Question

Find the particular solution of the differential equation \((1+e^{2x})dy+(1+y^2)e^xdx=0\), given that \(y=1 \) when \(x=0\)

Answer 1

\((1+e^{2x})dy+(1+y^2)e^xdx=0\)

\(⇒\frac {dy}{1+y^2}+\frac {e^xdx}{1+e^{2x}}=0\)

Integrating both sides,we get:

\(tan^{-1}y+∫\frac {e^xdx}{1+e^{2x}}=C\)     ...(1)

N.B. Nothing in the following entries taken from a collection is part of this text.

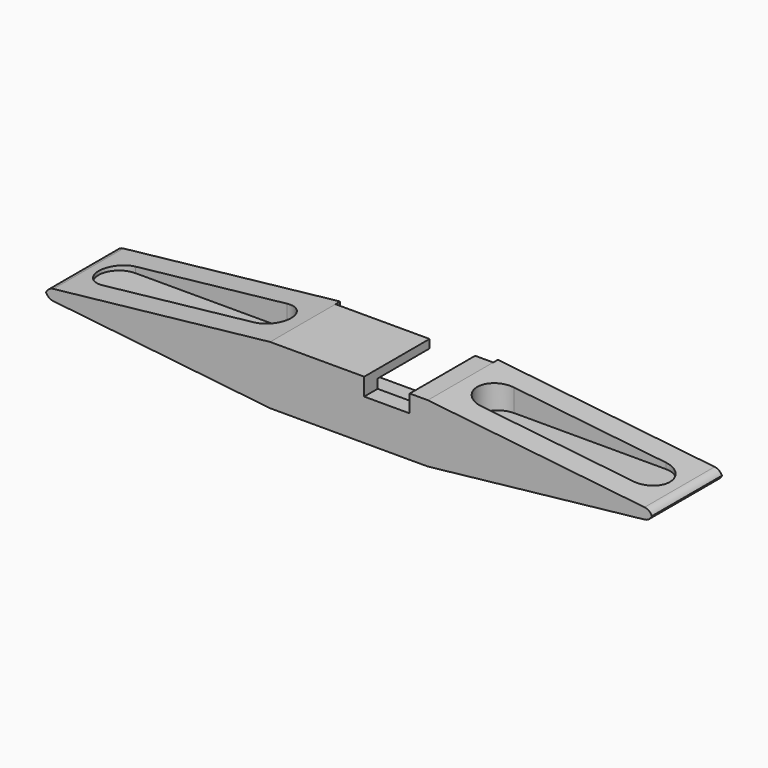
from build123d import *

# Parameters (mm, degrees)
F1_DEPTH      = 19.05
F4_DEPTH      = 11.43
F8_W          = 58.2950823009
F8_H          = 18.0758163333
F9_DEPTH      = 19.051
F9_DEPTH_BACK = 11.74174
F11_W         = 68.613074236
F11_H         = 25.4
F12_DEPTH     = 2.54
F13_W         = 19.8203250766
F13_H         = 44.8987269774
F14_DEPTH     = 7.62


with BuildPart() as f1:
    # F0 (on Front) → F1 (new body, symmetric)
    with BuildSketch(Plane.XZ):
        with BuildLine():
            Line((16.493462882, 12.7), (-77.7931159433, 2.3487282923))
            ThreePointArc((-77.7931159433, 2.3487282923), (-79.6990393329, 1.6031312535), (-80.9712142796, 0))
            Line((-80.9712142796, 0), (50.8, 0))
            Line((50.8, 0), (50.8, 12.7))
            Line((50.8, 12.7), (16.493462882, 12.7))
        make_face()
    extrude(amount=F1_DEPTH, both=True)

    # F3 (on offset) → F4 (cut)
    with BuildSketch(Plane.XY.offset(12.7)):
        with BuildLine():
            Line((-64.5951760395, -8.7044802925), (1.4448239605, -8.7044802925))
            ThreePointArc((1.4448239605, -8.7044802925), (10.3064292543, 0.1571250013), (1.4448239605, 9.0187302952))
            Line((1.4448239605, 9.0187302952), (-64.5951760395, 9.0187302952))
            ThreePointArc((-64.5951760395, 9.0187302952), (-73.4567813333, 0.1571250013), (-64.5951760395, -8.7044802925))
        make_face()
    extrude(amount=-F4_DEPTH, mode=Mode.SUBTRACT)

    # F5: F1 across plane


with BuildPart() as f1_1:
    add(f1.part)
    add(f1.part.mirror(Plane.XY))

    # F7: F1 across plane


with BuildPart() as f1_2:
    add(f1_1.part)
    add(f1_1.part.mirror(Plane.YZ.offset(50.8)))

    # F8 (on Front) → F9 (cut, two sides)
    with BuildSketch(Plane.XZ) as f9_sk:
        with Locations((50.8, 0)):
            Rectangle(F8_W, F8_H)
    extrude(amount=-F9_DEPTH, mode=Mode.SUBTRACT)
    extrude(f9_sk.sketch, amount=F9_DEPTH_BACK, mode=Mode.SUBTRACT)

    # F11 (on offset) → F12 (cut)
    with BuildSketch(Plane.XZ.offset(-19.05)):
        with Locations((50.8, 0)):
            Rectangle(F11_W, F11_H)
    extrude(amount=F12_DEPTH, mode=Mode.SUBTRACT)

    # F13 (on offset) → F14 (cut)
    with BuildSketch(Plane.XY.offset(12.7)):
        with Locations((67.3308186233, -3.4829550423)):
            Rectangle(F13_W, F13_H)
    extrude(amount=-F14_DEPTH, mode=Mode.SUBTRACT)


solid = f1_2.part

\(Let\  e^x=t⇒e^{2x}=t^2.\)

\(⇒\frac {d}{dx}(e^x)=\frac {dt}{dx}\)

\(⇒e^x=\frac {dt}{dx}\)

\(⇒e^xdx=dt\)

Substituting these values in equation (1), we get:

\(tan^{-1}y+∫\frac {dt}{1+t^2}=C\)

\(⇒tan^{-1}y+tan^{-1}t=C\)

\(⇒tan^{-1}y+tan^{-1} (e^x)=C\)   ...(2)

Now, y=1 at x=0.

Therefore, equation (2) becomes:

\(tan^{-1}1+tan^{-1} 1=C\)

\(⇒\frac \pi4+\frac \pi4=C\)

\(⇒C=\frac \pi2\)

Substituting \(\frac \pi2\) in equation (2), becomes:

\(tan^{-1}y+tan^{-1}(e^x)=\frac \pi2\)

This is the required particular solution of the given differential equation.